La calza, dijo el oficial Escobar, tenía transferencia de material, esto significa que fue arrastrada contra un elemento que se lo produjo. El saco, que reconoció su hermana Damaris como suyo, fue el que presentaba más signos de violencia, tanto en la parte externa como en el forro.

Respecto de la tracción evidenciada en su ropa interior, la defensa le consultó al testigo si al haber sido una prenda encontrada en el río podría ser otro el origen de la rotura. Contestó: “el de la bombacha imposible que se pueda generar sacándola del agua”. En cuanto a los del saco, dijo, “se infiere que hubo una intensidad de fuerza mayor para poder provocar esas roturas.”

Inflamación y hematoma

Diego Marton fue el médico forense que examinó a Escobar el 17 de septiembre de 2019, a las 20.30 horas, un día antes de la formulación de cargos. El profesional aseguró que constató que el imputado tenía inflamación en los nudillos del dedo índice y mayor de la mano derecha.

-¿Eso puede ser por un golpe de puño?, preguntó García.

-Sí, un traumatismo, o un golpe de puño sobre una superficie que no haya sido áspera y rugosa, contestó el testigo.

-Como una cara, afirmó el fiscal.

-Claro, sobre una parte del cuerpo humano en la cual exista por debajo hueso, o algo más firme que pueda generar el traumatismo, pero a su vez una superficie blanda que no genera una lesión externa, agregó el médico.

Marton indicó un hematoma en la palma de la mano derecha. García insistió en si eso podría ser provocado por manipular fuertemente un cuchillo. "Si se ejerce presión puede generarlo", respondió Marton.

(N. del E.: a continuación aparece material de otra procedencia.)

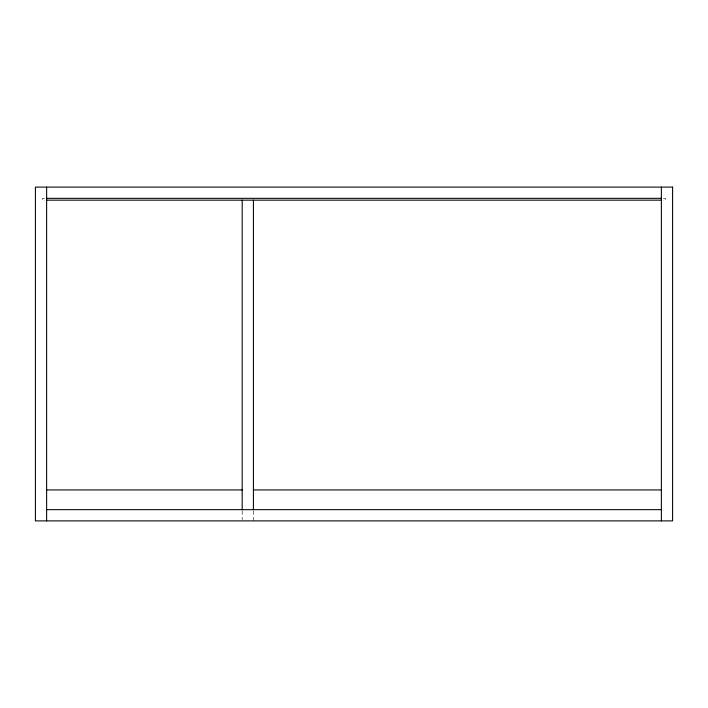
<?xml version="1.0" encoding="UTF-8"?>
<svg xmlns="http://www.w3.org/2000/svg" width="708" height="708" viewBox="0 0 708 708"><rect width="100%" height="100%" fill="white"/><g stroke="black" fill="none" stroke-linecap="round" stroke-linejoin="round"><path stroke-width="0.53" stroke-dasharray="3.54 2.66" d="M44.586 198.337L42.383 198.337L42.383 200.16L44.586 200.16M663.414 198.337L665.617 198.337L665.617 200.16L663.414 200.16M253.411 510.928L253.411 520.884M242.189 510.928L242.189 519.778"/><path stroke-width="1.06" d="M46.631 198.337L661.369 198.337M46.631 200.16L661.369 200.16M46.631 489.936L242.189 489.936M253.411 489.936L661.369 489.936M46.631 509.663L661.369 509.663M661.369 187.116L661.369 520.884M253.411 200.16L253.411 509.822M242.189 200.16L242.189 509.822M46.631 187.116L46.631 520.884M672.6 187.116L35.4 187.116L35.4 520.884L672.6 520.884L672.6 187.116"/></g></svg>
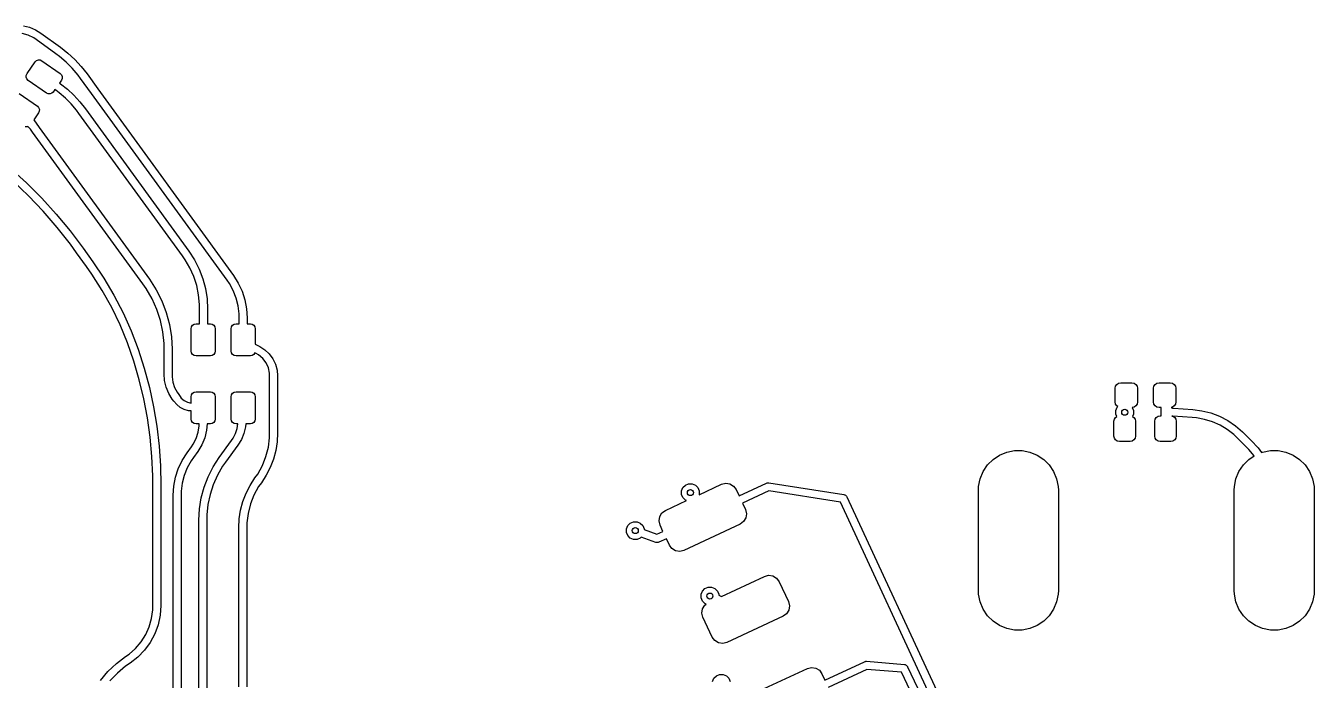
# Model space of a CAD drawing. Extents: x 111.5 to 167.6, y -133.5 to -81.5.
# Drawn here: x 131.12 to 163.35, y -100.77 to -84.42 of the extents above; entities that cross this region are included whole.
import ezdxf

# ---------------------------------------------------------------- set-up
doc = ezdxf.new("R2010")
doc.units = 0
doc.layers.add('BLACK', color=7, linetype='CONTINUOUS')

msp = doc.modelspace()

# ---------------------------------------------------------------- linework, layer by layer
at = {"layer": 'BLACK', "linetype": 'CONTINUOUS'}
for p, q in [((131.06344, -84.416639), (131.217887, -84.453718)), ((131.181477, -84.648717), (131.032732, -84.610527)), ((131.32043, -84.714103), (131.181477, -84.648717)), ((131.217887, -84.453718), (131.364632, -84.5145)), ((131.382466, -84.759265), (131.32043, -84.714103)), ((131.364632, -84.5145), (131.500062, -84.59749)), ((131.382503, -84.759298), (131.382466, -84.759265)), ((131.87301, -85.115672), (131.382503, -84.759298)), ((131.500062, -84.59749), (131.50006, -84.597493)), ((131.50006, -84.597493), (131.500061, -84.597494)), ((131.500061, -84.597494), (131.990567, -84.953869)), ((131.990567, -84.953869), (131.990574, -84.953875)), ((131.990574, -84.953875), (132.175726, -85.099834)), ((131.152162, -85.612884), (131.35865, -85.317989)), ((131.35865, -85.317989), (131.392472, -85.285611)), ((131.392472, -85.285611), (131.43611, -85.268641)), ((131.43611, -85.268641), (131.482921, -85.269662)), ((131.482921, -85.269662), (131.525777, -85.28852)), ((131.525777, -85.28852), (131.984503, -85.609723)), ((131.873011, -85.115673), (131.87301, -85.115672)), ((131.873011, -85.115674), (131.873011, -85.115673)), ((131.962102, -85.1804), (131.873011, -85.115674)), ((132.129577, -85.323433), (131.962102, -85.1804)), ((132.285313, -85.479165), (132.129577, -85.323433)), ((132.175726, -85.099834), (132.348864, -85.259876)), ((132.348864, -85.259876), (132.508911, -85.433009)), ((131.132283, -85.702551), (131.133305, -85.65574)), ((131.149253, -85.746189), (131.132283, -85.702551)), ((131.133305, -85.65574), (131.152162, -85.612884)), ((131.984503, -85.609723), (132.016881, -85.643545)), ((132.016881, -85.643545), (132.033851, -85.687183)), ((132.033851, -85.687183), (132.032829, -85.733994)), ((132.428351, -85.646636), (132.285313, -85.479165)), ((132.493004, -85.735621), (132.428351, -85.646636)), ((132.508911, -85.433009), (132.654881, -85.618165)), ((132.654881, -85.618165), (132.654872, -85.618171)), ((132.654872, -85.618171), (132.654873, -85.618173)), ((132.654873, -85.618173), (132.925108, -85.99012)), ((131.181631, -85.780011), (131.149253, -85.746189)), ((131.640357, -86.101214), (131.181631, -85.780011)), ((131.849356, -86.011944), (131.807484, -86.071745)), ((131.872185, -86.02853), (131.849356, -86.011944)), ((131.872186, -86.028531), (131.872185, -86.02853)), ((131.872186, -86.028532), (131.872186, -86.028531)), ((131.955311, -86.088923), (131.872186, -86.028532)), ((132.013972, -85.77685), (131.964089, -85.848089)), ((131.964089, -85.848089), (131.989742, -85.866727)), ((131.989742, -85.866727), (131.989749, -85.866733)), ((131.989749, -85.866733), (132.163328, -86.003568)), ((132.032829, -85.733994), (132.013972, -85.77685)), ((132.163328, -86.003568), (132.325643, -86.153607)), ((132.493069, -85.735731), (132.493004, -85.735621)), ((132.7633, -86.107672), (132.493069, -85.735731)), ((132.925108, -85.99012), (136.316545, -90.658032)), ((130.952201, -86.107672), (131.410927, -86.428875)), ((131.683213, -86.120072), (131.640357, -86.101214)), ((131.730024, -86.121093), (131.683213, -86.120072)), ((131.773662, -86.104123), (131.730024, -86.121093)), ((131.807484, -86.071745), (131.773662, -86.104123)), ((132.11157, -86.222378), (131.955311, -86.088923)), ((132.256877, -86.367682), (132.11157, -86.222378)), ((132.390336, -86.523938), (132.256877, -86.367682)), ((132.325643, -86.153607), (132.475686, -86.315919)), ((132.475686, -86.315919), (132.612532, -86.489502)), ((132.763304, -86.107678), (132.7633, -86.107672)), ((136.154742, -90.775589), (132.763304, -86.107678)), ((131.440396, -86.596002), (131.318815, -86.769636)), ((131.410927, -86.428875), (131.443305, -86.462697)), ((131.459253, -86.553146), (131.440396, -86.596002)), ((131.443305, -86.462697), (131.460275, -86.506335)), ((131.460275, -86.506335), (131.459253, -86.553146)), ((132.45066, -86.606964), (132.390336, -86.523938)), ((132.45072, -86.607067), (132.45066, -86.606964)), ((135.037478, -90.167433), (132.45072, -86.607067)), ((132.612532, -86.489502), (132.612523, -86.489507)), ((132.612523, -86.489507), (132.612524, -86.489509)), ((132.612524, -86.489509), (135.199282, -90.049876)), ((131.156448, -86.940245), (131.109637, -86.939224)), ((131.172172, -86.93413), (131.156448, -86.940245)), ((131.241237, -87.0032), (131.172172, -86.93413)), ((131.292882, -87.074291), (131.241237, -87.0032)), ((131.318815, -86.769636), (131.454724, -86.9567)), ((131.454724, -86.9567), (131.45473, -86.956707)), ((131.45473, -86.956707), (134.211796, -90.751482)), ((131.292924, -87.074261), (131.292882, -87.074291)), ((131.292926, -87.074265), (131.292924, -87.074261)), ((134.04999, -90.869037), (131.292926, -87.074265)), ((130.733647, -87.973554), (131.135205, -88.338217)), ((131.190333, -88.666877), (130.80424, -88.299243)), ((131.135205, -88.338217), (131.519088, -88.721442)), ((131.558629, -89.05234), (131.190333, -88.666877)), ((131.519088, -88.721442), (131.884439, -89.122373)), ((131.908306, -89.45477), (131.558629, -89.05234)), ((131.884439, -89.122373), (132.230443, -89.540116)), ((132.238581, -89.873269), (131.908306, -89.45477)), ((132.230443, -89.540116), (132.556217, -89.973591)), ((132.393651, -90.090084), (132.238581, -89.873269)), ((132.393661, -90.090076), (132.393651, -90.090084)), ((132.393662, -90.090077), (132.393661, -90.090076)), ((132.636057, -90.428989), (132.393662, -90.090077)), ((132.556217, -89.973591), (132.556338, -89.973729)), ((132.556338, -89.973729), (132.798731, -90.312642)), ((135.107241, -90.263454), (135.037478, -90.167433)), ((135.199282, -90.049876), (135.199291, -90.049891)), ((135.199291, -90.049891), (135.339791, -90.26624)), ((132.636058, -90.428992), (132.636057, -90.428989)), ((132.7768, -90.625813), (132.636057, -90.428992)), ((132.636057, -90.428992), (132.636058, -90.428992)), ((132.798731, -90.312642), (132.798734, -90.312644)), ((132.798734, -90.312644), (132.798733, -90.312644)), ((132.798733, -90.312644), (132.798737, -90.31265)), ((132.798737, -90.31265), (133.075197, -90.723355)), ((135.225931, -90.469028), (135.107241, -90.263454)), ((135.322481, -90.685882), (135.225931, -90.469028)), ((135.339791, -90.26624), (135.456915, -90.496107)), ((135.456915, -90.496107), (135.549369, -90.736958)), ((133.035526, -91.034774), (132.7768, -90.625813)), ((133.075197, -90.723355), (133.327907, -91.149094)), ((134.049991, -90.869038), (134.04999, -90.869037)), ((134.135475, -90.986703), (134.049991, -90.869038)), ((134.211796, -90.751482), (134.211808, -90.751502)), ((134.211808, -90.751502), (134.381399, -91.012661)), ((135.395835, -90.911641), (135.322481, -90.685882)), ((135.549369, -90.736958), (135.616142, -90.986153)), ((136.213849, -90.856944), (136.154742, -90.775589)), ((136.310738, -91.033187), (136.213849, -90.856944)), ((136.316545, -90.658032), (136.316546, -90.658033)), ((136.316546, -90.658033), (136.437555, -90.848715)), ((136.437555, -90.848715), (136.533712, -91.05306)), ((133.270625, -91.457759), (133.035526, -91.034774)), ((133.327907, -91.149094), (133.556046, -91.588489)), ((134.280909, -91.238613), (134.135475, -90.986703)), ((134.381399, -91.012661), (134.522773, -91.290135)), ((135.44519, -91.14383), (135.395835, -90.911641)), ((135.470003, -91.379907), (135.44519, -91.14383)), ((135.616142, -90.986153), (135.6565, -91.240962)), ((136.384776, -91.220183), (136.310738, -91.033187)), ((136.533712, -91.05306), (136.603501, -91.267844)), ((133.481338, -91.893406), (133.270625, -91.457759)), ((134.399216, -91.504345), (134.280909, -91.238613)), ((134.489097, -91.780988), (134.399216, -91.504345)), ((134.522773, -91.290135), (134.634369, -91.580866)), ((135.47, -91.498595), (135.470003, -91.498564)), ((135.47, -91.866903), (135.47, -91.498595)), ((135.470003, -91.498564), (135.470003, -91.379907)), ((135.6565, -91.240962), (135.670003, -91.498595)), ((135.670003, -91.498595), (135.67, -91.498595)), ((135.67, -91.498595), (135.67, -91.866903)), ((136.434793, -91.414984), (136.384776, -91.220183)), ((136.460002, -91.614518), (136.434793, -91.414984)), ((136.603501, -91.267844), (136.645821, -91.489682)), ((136.645821, -91.489682), (136.660004, -91.715075)), ((133.556046, -91.588489), (133.75888, -92.040124)), ((134.54957, -92.06551), (134.489097, -91.780988)), ((134.634369, -91.580866), (134.714964, -91.881669)), ((136.46, -91.715076), (136.460003, -91.715035)), ((136.46, -91.866903), (136.46, -91.715076)), ((136.460003, -91.715035), (136.460002, -91.614518)), ((136.660004, -91.715075), (136.66, -91.715075)), ((136.66, -91.715075), (136.66, -91.715076)), ((136.66, -91.715076), (136.66, -91.866903)), ((133.666987, -92.340309), (133.481338, -91.893406)), ((133.75888, -92.040124), (133.935754, -92.502542)), ((134.579971, -92.354795), (134.54957, -92.06551)), ((134.714964, -91.881669), (134.763676, -92.189249)), ((135.26, -91.986903), (135.269134, -91.940981)), ((135.26, -92.546903), (135.26, -91.986903)), ((135.269134, -91.940981), (135.295147, -91.90205)), ((135.295147, -91.90205), (135.334078, -91.876037)), ((135.334078, -91.876037), (135.38, -91.866903)), ((135.38, -91.866903), (135.47, -91.866903)), ((135.67, -91.866903), (135.74, -91.866903)), ((135.74, -91.866903), (135.785922, -91.876037)), ((135.785922, -91.876037), (135.824853, -91.90205)), ((135.824853, -91.90205), (135.850866, -91.940981)), ((135.850866, -91.940981), (135.86, -91.986903)), ((135.86, -91.986903), (135.86, -92.546903)), ((136.26, -91.986903), (136.269134, -91.940981)), ((136.26, -92.546903), (136.26, -91.986903)), ((136.269134, -91.940981), (136.295147, -91.90205)), ((136.295147, -91.90205), (136.334078, -91.876037)), ((136.334078, -91.876037), (136.38, -91.866903)), ((136.38, -91.866903), (136.46, -91.866903)), ((136.66, -91.866903), (136.74, -91.866903)), ((136.74, -91.866903), (136.785922, -91.876037)), ((136.785922, -91.876037), (136.824853, -91.90205)), ((136.824853, -91.90205), (136.850866, -91.940981)), ((136.850866, -91.940981), (136.86, -91.986903)), ((136.86, -91.986903), (136.86, -92.371953)), ((133.826972, -92.797028), (133.666987, -92.340309)), ((134.57997, -92.500234), (134.579971, -92.354795)), ((134.763676, -92.189249), (134.779935, -92.499582)), ((136.86, -92.371953), (136.973335, -92.431455)), ((136.973335, -92.431455), (136.973337, -92.431456)), ((136.973337, -92.431456), (136.973336, -92.431456)), ((136.973336, -92.431456), (137.100173, -92.513482)), ((133.893896, -93.029554), (133.826972, -92.797028)), ((133.935754, -92.502542), (134.086096, -92.974244)), ((134.58, -92.500234), (134.57997, -92.500234)), ((134.58, -92.500235), (134.58, -92.500234)), ((134.58, -93.117704), (134.58, -92.500235)), ((134.779935, -92.499582), (134.78, -92.500235)), ((134.78, -92.500235), (134.78, -93.117704)), ((135.269134, -92.592825), (135.26, -92.546903)), ((135.295147, -92.631756), (135.269134, -92.592825)), ((135.334078, -92.657769), (135.295147, -92.631756)), ((135.38, -92.666903), (135.334078, -92.657769)), ((135.74, -92.666903), (135.38, -92.666903)), ((135.785922, -92.657769), (135.74, -92.666903)), ((135.824853, -92.631756), (135.785922, -92.657769)), ((135.850866, -92.592825), (135.824853, -92.631756)), ((135.86, -92.546903), (135.850866, -92.592825)), ((136.269134, -92.592825), (136.26, -92.546903)), ((136.295147, -92.631756), (136.269134, -92.592825)), ((136.334078, -92.657769), (136.295147, -92.631756)), ((136.38, -92.666903), (136.334078, -92.657769)), ((136.74, -92.666903), (136.38, -92.666903)), ((136.785922, -92.657769), (136.74, -92.666903)), ((136.824853, -92.631756), (136.785922, -92.657769)), ((136.850756, -92.592988), (136.824853, -92.631756)), ((136.88037, -92.608536), (136.850756, -92.592988)), ((136.880371, -92.608536), (136.88037, -92.608536)), ((136.880371, -92.608537), (136.880371, -92.608536)), ((136.941695, -92.640763), (136.880371, -92.608537)), ((137.047582, -92.730117), (136.941695, -92.640763)), ((137.131695, -92.840214), (137.047582, -92.730117)), ((137.100173, -92.513482), (137.210147, -92.617026)), ((137.210147, -92.617026), (137.299658, -92.738696)), ((137.299658, -92.738696), (137.365772, -92.874508)), ((133.893899, -93.029553), (133.893896, -93.029554)), ((133.961133, -93.263301), (133.893899, -93.029553)), ((134.086096, -92.974244), (134.086101, -92.974253)), ((134.086101, -92.974253), (134.211993, -93.453656)), ((134.580004, -93.117754), (134.58, -93.117704)), ((134.593234, -93.285837), (134.580004, -93.117754)), ((134.78, -93.117704), (134.780001, -93.117704)), ((134.780001, -93.117704), (134.780001, -93.18655)), ((137.190071, -92.965867), (137.131695, -92.840214)), ((137.21996, -93.101156), (137.190071, -92.965867)), ((137.219985, -93.170431), (137.21996, -93.101156)), ((137.365772, -92.874508), (137.406323, -93.020011)), ((137.406323, -93.020011), (137.419801, -93.168415)), ((134.073669, -93.736556), (133.961133, -93.263301)), ((134.211993, -93.453656), (134.315372, -93.938412)), ((134.632605, -93.449829), (134.593234, -93.285837)), ((134.697144, -93.605643), (134.632605, -93.449829)), ((134.780001, -93.18655), (134.801541, -93.322549)), ((134.801541, -93.322549), (134.844091, -93.453503)), ((134.844091, -93.453503), (134.906602, -93.576189)), ((137.22, -93.170431), (137.219985, -93.170431)), ((137.22, -93.170436), (137.22, -93.170431)), ((137.22, -94.592087), (137.22, -93.170436)), ((137.419801, -93.168415), (137.42, -93.170436)), ((137.42, -93.170436), (137.42, -94.592086)), ((158.369997, -93.476902), (158.380654, -93.423326)), ((158.380654, -93.423326), (158.411002, -93.377907)), ((158.411002, -93.377907), (158.456421, -93.347559)), ((158.456421, -93.347559), (158.509997, -93.336902)), ((158.509997, -93.336902), (158.789997, -93.336902)), ((158.789997, -93.336902), (158.843573, -93.347559)), ((158.843573, -93.347559), (158.888992, -93.377907)), ((158.888992, -93.377907), (158.91934, -93.423326)), ((158.91934, -93.423326), (158.929997, -93.476902)), ((159.329997, -93.476902), (159.340654, -93.423326)), ((159.340654, -93.423326), (159.371002, -93.377907)), ((159.371002, -93.377907), (159.416421, -93.347559)), ((159.416421, -93.347559), (159.469997, -93.336902)), ((159.469997, -93.336902), (159.749997, -93.336902)), ((159.749997, -93.336902), (159.803573, -93.347559)), ((159.803573, -93.347559), (159.848992, -93.377907)), ((159.848992, -93.377907), (159.87934, -93.423326)), ((159.87934, -93.423326), (159.889997, -93.476902)), ((134.163994, -94.214547), (134.073669, -93.736556)), ((134.785264, -93.749444), (134.697144, -93.605643)), ((134.785265, -93.749445), (134.785264, -93.749444)), ((134.822117, -93.800167), (134.785265, -93.749445)), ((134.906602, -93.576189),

Registró, además, una lesión cortante superficial y otra paralela entre sí. "Corresponde a un elemento cortante de un filo liso", añadió.

Respecto de la antigüedad, Marton manifestó que tienen una evolución de entre cuatro a cinco días, lo que lo ubica en la cronología trazada por la acusación de que el femicidio se cometió el viernes 13.